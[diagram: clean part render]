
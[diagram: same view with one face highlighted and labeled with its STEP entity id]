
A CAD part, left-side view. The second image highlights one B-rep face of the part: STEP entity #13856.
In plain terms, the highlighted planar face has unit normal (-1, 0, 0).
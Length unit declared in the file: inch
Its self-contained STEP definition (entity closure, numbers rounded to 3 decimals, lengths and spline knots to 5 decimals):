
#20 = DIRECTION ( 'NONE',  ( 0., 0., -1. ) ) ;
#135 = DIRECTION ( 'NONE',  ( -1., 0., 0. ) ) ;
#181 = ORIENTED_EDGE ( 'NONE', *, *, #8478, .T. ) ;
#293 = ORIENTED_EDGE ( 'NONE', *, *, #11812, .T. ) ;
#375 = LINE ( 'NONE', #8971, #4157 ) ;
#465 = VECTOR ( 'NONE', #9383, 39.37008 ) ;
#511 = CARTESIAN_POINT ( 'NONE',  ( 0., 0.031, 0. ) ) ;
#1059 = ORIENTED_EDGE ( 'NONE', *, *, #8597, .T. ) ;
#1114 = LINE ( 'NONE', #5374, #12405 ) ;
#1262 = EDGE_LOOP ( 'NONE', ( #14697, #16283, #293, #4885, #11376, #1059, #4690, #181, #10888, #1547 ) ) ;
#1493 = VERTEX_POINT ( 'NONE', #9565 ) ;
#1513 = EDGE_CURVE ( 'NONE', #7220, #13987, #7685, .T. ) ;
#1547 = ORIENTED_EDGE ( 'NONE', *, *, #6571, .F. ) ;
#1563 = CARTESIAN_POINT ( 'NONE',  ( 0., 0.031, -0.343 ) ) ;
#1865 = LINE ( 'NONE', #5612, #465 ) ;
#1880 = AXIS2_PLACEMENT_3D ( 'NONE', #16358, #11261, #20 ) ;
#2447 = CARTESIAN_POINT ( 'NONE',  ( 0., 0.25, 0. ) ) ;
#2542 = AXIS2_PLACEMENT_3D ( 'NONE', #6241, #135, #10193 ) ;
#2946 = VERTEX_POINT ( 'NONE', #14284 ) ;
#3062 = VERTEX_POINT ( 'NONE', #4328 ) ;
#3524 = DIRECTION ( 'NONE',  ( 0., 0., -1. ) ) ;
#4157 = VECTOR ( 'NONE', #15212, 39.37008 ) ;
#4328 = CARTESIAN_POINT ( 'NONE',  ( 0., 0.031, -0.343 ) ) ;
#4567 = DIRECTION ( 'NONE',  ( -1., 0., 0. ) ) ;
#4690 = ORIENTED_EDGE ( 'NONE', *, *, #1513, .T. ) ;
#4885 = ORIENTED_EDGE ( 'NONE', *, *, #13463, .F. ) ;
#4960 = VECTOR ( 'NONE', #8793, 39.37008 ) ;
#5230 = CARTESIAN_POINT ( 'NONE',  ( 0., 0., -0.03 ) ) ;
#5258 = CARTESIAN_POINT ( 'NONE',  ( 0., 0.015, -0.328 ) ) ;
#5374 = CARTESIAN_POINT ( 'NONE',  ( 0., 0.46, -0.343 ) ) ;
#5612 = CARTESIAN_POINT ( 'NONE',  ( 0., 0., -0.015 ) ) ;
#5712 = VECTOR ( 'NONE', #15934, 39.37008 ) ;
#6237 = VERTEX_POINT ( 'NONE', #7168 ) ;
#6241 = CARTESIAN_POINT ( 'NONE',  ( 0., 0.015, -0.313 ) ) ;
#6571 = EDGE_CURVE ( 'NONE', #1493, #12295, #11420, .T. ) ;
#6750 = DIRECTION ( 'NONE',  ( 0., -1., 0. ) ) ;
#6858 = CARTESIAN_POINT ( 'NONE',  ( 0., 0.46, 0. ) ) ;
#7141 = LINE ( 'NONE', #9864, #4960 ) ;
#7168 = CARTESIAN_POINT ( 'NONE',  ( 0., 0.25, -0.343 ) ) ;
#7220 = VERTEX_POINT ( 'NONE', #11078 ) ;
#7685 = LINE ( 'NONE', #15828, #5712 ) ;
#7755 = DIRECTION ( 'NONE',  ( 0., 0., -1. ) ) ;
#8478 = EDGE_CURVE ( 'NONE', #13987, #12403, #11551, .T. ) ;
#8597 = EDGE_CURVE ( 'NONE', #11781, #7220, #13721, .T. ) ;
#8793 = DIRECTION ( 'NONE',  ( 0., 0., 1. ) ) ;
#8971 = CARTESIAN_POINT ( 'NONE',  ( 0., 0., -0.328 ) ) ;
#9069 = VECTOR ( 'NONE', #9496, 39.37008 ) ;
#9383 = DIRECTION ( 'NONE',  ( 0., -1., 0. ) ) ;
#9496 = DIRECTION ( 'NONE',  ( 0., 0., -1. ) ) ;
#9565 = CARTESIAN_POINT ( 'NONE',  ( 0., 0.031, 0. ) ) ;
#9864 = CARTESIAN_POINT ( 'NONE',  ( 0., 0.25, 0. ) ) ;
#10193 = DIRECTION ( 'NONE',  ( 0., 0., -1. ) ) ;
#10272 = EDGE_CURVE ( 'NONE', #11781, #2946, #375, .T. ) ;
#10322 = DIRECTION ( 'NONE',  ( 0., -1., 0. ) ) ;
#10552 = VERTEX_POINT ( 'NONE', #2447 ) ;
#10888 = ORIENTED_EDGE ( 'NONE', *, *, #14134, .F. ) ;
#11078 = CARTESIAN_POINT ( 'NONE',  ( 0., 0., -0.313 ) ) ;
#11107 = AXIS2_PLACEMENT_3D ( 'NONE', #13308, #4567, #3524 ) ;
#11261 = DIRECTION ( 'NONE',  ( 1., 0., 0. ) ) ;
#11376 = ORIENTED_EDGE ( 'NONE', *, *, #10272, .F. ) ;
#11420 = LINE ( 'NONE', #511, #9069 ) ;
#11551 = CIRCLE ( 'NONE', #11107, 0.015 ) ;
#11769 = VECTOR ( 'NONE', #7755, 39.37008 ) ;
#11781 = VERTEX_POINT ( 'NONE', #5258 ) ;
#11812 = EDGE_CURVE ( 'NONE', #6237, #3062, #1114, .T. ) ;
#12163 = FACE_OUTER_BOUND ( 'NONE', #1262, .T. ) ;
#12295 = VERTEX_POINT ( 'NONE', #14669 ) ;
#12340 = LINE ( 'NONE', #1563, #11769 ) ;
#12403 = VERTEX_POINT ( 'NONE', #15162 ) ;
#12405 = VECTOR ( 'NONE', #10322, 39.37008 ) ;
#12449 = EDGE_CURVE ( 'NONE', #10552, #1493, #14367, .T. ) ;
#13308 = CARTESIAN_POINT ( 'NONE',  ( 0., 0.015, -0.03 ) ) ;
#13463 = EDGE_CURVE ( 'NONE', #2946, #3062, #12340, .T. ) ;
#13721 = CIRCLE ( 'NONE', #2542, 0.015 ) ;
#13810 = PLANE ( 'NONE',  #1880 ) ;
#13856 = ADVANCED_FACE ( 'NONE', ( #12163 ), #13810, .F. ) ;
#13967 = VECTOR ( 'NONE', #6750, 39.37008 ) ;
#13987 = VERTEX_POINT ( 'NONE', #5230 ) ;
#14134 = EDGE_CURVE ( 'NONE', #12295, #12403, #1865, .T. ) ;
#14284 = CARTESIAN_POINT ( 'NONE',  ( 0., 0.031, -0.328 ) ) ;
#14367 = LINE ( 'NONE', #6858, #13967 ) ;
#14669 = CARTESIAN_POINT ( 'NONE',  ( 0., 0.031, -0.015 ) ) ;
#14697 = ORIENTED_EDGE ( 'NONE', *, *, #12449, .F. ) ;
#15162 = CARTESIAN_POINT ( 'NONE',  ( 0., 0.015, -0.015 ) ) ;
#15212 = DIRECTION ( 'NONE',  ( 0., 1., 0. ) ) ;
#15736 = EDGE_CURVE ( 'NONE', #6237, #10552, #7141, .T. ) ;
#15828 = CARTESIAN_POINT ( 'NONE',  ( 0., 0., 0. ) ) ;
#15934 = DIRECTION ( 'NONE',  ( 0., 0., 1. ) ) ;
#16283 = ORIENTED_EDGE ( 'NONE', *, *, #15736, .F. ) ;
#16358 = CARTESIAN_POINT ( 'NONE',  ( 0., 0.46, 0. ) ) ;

________________

Assignment => Copy out the range of lines above starting at the line with "#4567 = DIRECTION" and ending at the line with "#9864 = CARTESIAN_POINT", exactly and including both.

Solution to this problem =>
#4567 = DIRECTION ( 'NONE',  ( -1., 0., 0. ) ) ;
#4690 = ORIENTED_EDGE ( 'NONE', *, *, #1513, .T. ) ;
#4885 = ORIENTED_EDGE ( 'NONE', *, *, #13463, .F. ) ;
#4960 = VECTOR ( 'NONE', #8793, 39.37008 ) ;
#5230 = CARTESIAN_POINT ( 'NONE',  ( 0., 0., -0.03 ) ) ;
#5258 = CARTESIAN_POINT ( 'NONE',  ( 0., 0.015, -0.328 ) ) ;
#5374 = CARTESIAN_POINT ( 'NONE',  ( 0., 0.46, -0.343 ) ) ;
#5612 = CARTESIAN_POINT ( 'NONE',  ( 0., 0., -0.015 ) ) ;
#5712 = VECTOR ( 'NONE', #15934, 39.37008 ) ;
#6237 = VERTEX_POINT ( 'NONE', #7168 ) ;
#6241 = CARTESIAN_POINT ( 'NONE',  ( 0., 0.015, -0.313 ) ) ;
#6571 = EDGE_CURVE ( 'NONE', #1493, #12295, #11420, .T. ) ;
#6750 = DIRECTION ( 'NONE',  ( 0., -1., 0. ) ) ;
#6858 = CARTESIAN_POINT ( 'NONE',  ( 0., 0.46, 0. ) ) ;
#7141 = LINE ( 'NONE', #9864, #4960 ) ;
#7168 = CARTESIAN_POINT ( 'NONE',  ( 0., 0.25, -0.343 ) ) ;
#7220 = VERTEX_POINT ( 'NONE', #11078 ) ;
#7685 = LINE ( 'NONE', #15828, #5712 ) ;
#7755 = DIRECTION ( 'NONE',  ( 0., 0., -1. ) ) ;
#8478 = EDGE_CURVE ( 'NONE', #13987, #12403, #11551, .T. ) ;
#8597 = EDGE_CURVE ( 'NONE', #11781, #7220, #13721, .T. ) ;
#8793 = DIRECTION ( 'NONE',  ( 0., 0., 1. ) ) ;
#8971 = CARTESIAN_POINT ( 'NONE',  ( 0., 0., -0.328 ) ) ;
#9069 = VECTOR ( 'NONE', #9496, 39.37008 ) ;
#9383 = DIRECTION ( 'NONE',  ( 0., -1., 0. ) ) ;
#9496 = DIRECTION ( 'NONE',  ( 0., 0., -1. ) ) ;
#9565 = CARTESIAN_POINT ( 'NONE',  ( 0., 0.031, 0. ) ) ;
#9864 = CARTESIAN_POINT ( 'NONE',  ( 0., 0.25, 0. ) ) ;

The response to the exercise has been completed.